_About this exercise_.
Copy nothing from the entries below except the lines from the one containing "Sum1/1 -> Divide/1" through the one containing "Ideal Switch3/LConn1 -- Voltage", and copy those exactly.

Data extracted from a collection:
····················
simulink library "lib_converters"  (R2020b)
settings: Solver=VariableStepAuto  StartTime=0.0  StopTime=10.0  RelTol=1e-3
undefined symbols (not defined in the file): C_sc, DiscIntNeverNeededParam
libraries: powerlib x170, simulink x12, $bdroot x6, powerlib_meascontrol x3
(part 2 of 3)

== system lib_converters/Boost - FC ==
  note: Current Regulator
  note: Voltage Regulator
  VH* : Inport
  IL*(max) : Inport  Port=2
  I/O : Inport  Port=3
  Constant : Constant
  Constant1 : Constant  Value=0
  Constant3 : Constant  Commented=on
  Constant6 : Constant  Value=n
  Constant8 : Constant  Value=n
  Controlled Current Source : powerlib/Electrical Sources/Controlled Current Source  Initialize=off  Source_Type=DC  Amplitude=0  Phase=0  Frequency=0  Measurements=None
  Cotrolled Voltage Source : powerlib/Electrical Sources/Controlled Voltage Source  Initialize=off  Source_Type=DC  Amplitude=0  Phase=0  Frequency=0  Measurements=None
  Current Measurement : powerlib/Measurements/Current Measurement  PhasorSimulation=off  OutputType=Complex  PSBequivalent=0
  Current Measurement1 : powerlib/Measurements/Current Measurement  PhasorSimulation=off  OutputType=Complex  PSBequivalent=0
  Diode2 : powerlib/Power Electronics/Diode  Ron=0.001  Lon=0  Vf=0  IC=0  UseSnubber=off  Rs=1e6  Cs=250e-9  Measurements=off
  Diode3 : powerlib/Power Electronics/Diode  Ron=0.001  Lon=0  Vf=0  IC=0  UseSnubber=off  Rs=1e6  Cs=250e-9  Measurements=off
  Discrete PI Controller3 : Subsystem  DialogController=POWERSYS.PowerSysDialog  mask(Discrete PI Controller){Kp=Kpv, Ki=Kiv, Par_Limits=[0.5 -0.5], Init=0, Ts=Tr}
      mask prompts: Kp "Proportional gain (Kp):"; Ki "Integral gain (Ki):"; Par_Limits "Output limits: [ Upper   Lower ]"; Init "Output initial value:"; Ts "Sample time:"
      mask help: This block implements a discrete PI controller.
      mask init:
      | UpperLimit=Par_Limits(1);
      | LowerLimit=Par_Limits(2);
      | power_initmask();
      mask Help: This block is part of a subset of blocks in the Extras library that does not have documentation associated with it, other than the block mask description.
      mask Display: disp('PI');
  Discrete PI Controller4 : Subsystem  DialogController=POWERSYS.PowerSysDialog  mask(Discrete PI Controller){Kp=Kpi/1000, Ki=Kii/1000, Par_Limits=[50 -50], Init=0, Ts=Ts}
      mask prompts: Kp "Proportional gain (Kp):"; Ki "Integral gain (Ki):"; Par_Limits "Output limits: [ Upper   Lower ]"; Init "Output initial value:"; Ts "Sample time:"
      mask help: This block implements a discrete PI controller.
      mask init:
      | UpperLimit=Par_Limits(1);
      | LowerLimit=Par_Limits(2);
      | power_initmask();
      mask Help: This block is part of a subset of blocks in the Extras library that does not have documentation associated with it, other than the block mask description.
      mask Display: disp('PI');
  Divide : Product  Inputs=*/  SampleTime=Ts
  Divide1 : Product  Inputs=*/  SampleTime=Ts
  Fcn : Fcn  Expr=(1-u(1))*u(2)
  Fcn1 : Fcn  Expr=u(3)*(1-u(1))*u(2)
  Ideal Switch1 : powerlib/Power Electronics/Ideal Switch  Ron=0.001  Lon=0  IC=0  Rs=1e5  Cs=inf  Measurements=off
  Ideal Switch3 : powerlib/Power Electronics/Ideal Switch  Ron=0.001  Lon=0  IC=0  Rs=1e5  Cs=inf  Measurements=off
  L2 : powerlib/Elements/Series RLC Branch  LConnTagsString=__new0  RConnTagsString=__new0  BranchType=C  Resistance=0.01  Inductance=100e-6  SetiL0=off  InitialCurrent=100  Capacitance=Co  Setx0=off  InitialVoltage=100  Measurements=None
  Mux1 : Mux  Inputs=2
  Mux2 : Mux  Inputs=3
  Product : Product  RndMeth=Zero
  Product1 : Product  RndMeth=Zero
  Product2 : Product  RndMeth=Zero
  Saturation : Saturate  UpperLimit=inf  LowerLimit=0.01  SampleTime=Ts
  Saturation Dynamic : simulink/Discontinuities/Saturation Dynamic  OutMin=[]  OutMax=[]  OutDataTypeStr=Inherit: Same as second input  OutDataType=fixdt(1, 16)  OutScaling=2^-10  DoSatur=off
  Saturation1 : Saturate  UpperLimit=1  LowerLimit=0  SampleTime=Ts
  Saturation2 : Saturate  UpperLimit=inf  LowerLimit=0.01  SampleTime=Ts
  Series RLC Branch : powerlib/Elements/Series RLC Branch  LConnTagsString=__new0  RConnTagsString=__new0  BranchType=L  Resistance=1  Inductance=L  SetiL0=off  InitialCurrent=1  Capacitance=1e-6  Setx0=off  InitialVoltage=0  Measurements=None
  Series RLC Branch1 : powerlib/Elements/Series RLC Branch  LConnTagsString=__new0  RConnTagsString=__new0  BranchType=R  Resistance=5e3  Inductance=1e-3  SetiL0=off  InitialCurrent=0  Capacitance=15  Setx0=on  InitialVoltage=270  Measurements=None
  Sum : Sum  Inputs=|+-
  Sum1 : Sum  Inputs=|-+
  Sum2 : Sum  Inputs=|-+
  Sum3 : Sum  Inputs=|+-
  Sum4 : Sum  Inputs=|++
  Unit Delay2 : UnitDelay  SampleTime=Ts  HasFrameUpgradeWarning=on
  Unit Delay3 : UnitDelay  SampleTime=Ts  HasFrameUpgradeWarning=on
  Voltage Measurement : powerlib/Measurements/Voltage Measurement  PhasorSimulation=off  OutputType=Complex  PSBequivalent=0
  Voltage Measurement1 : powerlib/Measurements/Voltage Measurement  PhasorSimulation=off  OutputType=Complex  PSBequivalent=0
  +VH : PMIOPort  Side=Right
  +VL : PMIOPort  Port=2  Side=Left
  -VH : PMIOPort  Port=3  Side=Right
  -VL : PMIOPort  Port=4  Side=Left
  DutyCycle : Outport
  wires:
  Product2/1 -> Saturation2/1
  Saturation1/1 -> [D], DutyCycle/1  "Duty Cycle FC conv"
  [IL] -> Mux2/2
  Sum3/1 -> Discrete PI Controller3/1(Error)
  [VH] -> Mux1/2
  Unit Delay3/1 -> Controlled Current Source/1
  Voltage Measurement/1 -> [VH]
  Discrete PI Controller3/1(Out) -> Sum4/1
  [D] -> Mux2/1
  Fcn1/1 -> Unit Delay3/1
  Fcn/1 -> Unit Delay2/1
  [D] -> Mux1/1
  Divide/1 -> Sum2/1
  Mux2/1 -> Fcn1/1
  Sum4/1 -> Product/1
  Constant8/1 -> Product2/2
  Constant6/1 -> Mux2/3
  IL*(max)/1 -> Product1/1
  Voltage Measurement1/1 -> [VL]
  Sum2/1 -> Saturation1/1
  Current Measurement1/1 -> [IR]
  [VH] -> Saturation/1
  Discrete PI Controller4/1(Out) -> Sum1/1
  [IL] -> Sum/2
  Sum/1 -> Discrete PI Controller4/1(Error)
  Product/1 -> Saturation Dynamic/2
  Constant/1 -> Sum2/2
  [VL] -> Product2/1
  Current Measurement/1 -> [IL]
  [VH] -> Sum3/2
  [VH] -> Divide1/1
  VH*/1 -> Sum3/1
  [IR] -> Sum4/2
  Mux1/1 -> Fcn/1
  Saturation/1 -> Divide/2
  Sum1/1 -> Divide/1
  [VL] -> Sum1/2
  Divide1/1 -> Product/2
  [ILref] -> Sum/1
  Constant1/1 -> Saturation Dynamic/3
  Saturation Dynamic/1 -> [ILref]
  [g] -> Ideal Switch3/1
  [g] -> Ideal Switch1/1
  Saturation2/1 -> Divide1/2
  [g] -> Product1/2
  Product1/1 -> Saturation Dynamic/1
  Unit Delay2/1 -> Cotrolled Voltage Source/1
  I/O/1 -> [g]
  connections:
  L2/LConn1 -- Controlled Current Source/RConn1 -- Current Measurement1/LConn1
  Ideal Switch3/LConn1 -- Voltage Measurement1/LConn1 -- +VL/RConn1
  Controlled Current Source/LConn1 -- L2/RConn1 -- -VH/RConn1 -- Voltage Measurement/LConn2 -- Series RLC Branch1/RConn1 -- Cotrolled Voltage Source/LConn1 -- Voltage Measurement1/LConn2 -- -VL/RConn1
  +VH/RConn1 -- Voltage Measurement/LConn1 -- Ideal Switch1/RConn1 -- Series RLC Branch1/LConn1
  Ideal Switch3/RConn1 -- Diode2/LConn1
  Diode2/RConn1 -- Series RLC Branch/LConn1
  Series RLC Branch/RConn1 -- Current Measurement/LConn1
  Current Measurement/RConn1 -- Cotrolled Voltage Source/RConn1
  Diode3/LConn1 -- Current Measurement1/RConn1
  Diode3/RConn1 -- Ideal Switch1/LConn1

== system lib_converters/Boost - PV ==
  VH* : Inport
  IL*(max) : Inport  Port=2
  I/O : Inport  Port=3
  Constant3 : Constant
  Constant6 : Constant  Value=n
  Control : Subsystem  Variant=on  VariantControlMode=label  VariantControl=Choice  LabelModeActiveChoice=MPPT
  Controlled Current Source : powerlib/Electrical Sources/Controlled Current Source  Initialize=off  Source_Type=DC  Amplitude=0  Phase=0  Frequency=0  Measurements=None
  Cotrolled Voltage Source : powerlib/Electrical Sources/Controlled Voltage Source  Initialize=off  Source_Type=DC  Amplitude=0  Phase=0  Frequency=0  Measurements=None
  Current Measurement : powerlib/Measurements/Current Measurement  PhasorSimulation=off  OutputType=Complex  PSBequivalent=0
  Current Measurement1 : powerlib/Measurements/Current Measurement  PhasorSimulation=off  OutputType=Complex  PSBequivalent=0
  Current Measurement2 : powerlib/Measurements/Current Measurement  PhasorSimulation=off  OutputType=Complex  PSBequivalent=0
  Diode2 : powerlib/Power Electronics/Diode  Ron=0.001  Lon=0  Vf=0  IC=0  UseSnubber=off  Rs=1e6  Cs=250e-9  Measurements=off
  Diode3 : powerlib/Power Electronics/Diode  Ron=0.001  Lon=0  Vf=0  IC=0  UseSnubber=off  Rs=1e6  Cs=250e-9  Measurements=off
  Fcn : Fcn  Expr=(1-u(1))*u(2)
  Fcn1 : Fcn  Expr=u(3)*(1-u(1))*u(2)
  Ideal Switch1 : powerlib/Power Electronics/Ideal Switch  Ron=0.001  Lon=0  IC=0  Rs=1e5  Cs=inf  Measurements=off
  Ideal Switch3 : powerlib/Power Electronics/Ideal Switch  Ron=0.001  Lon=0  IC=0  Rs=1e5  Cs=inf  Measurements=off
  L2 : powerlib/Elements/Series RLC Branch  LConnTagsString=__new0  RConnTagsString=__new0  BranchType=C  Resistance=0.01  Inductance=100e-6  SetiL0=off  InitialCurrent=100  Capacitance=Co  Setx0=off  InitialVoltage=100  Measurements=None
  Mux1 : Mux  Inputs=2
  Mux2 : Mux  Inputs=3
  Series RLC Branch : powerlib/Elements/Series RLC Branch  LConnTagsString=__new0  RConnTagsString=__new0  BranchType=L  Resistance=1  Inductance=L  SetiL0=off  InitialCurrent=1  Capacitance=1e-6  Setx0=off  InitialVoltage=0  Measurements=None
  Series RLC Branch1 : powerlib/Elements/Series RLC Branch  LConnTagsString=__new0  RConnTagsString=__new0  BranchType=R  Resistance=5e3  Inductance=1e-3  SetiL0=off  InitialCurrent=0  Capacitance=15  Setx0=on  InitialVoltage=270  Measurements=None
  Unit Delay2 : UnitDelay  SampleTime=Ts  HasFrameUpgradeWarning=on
····················
_Answer area_.
  Sum1/1 -> Divide/1
  [VL] -> Sum1/2
  Divide1/1 -> Product/2
  [ILref] -> Sum/1
  Constant1/1 -> Saturation Dynamic/3
  Saturation Dynamic/1 -> [ILref]
  [g] -> Ideal Switch3/1
  [g] -> Ideal Switch1/1
  Saturation2/1 -> Divide1/2
  [g] -> Product1/2
  Product1/1 -> Saturation Dynamic/1
  Unit Delay2/1 -> Cotrolled Voltage Source/1
  I/O/1 -> [g]
  connections:
  L2/LConn1 -- Controlled Current Source/RConn1 -- Current Measurement1/LConn1
  Ideal Switch3/LConn1 -- Voltage Measurement1/LConn1 -- +VL/RConn1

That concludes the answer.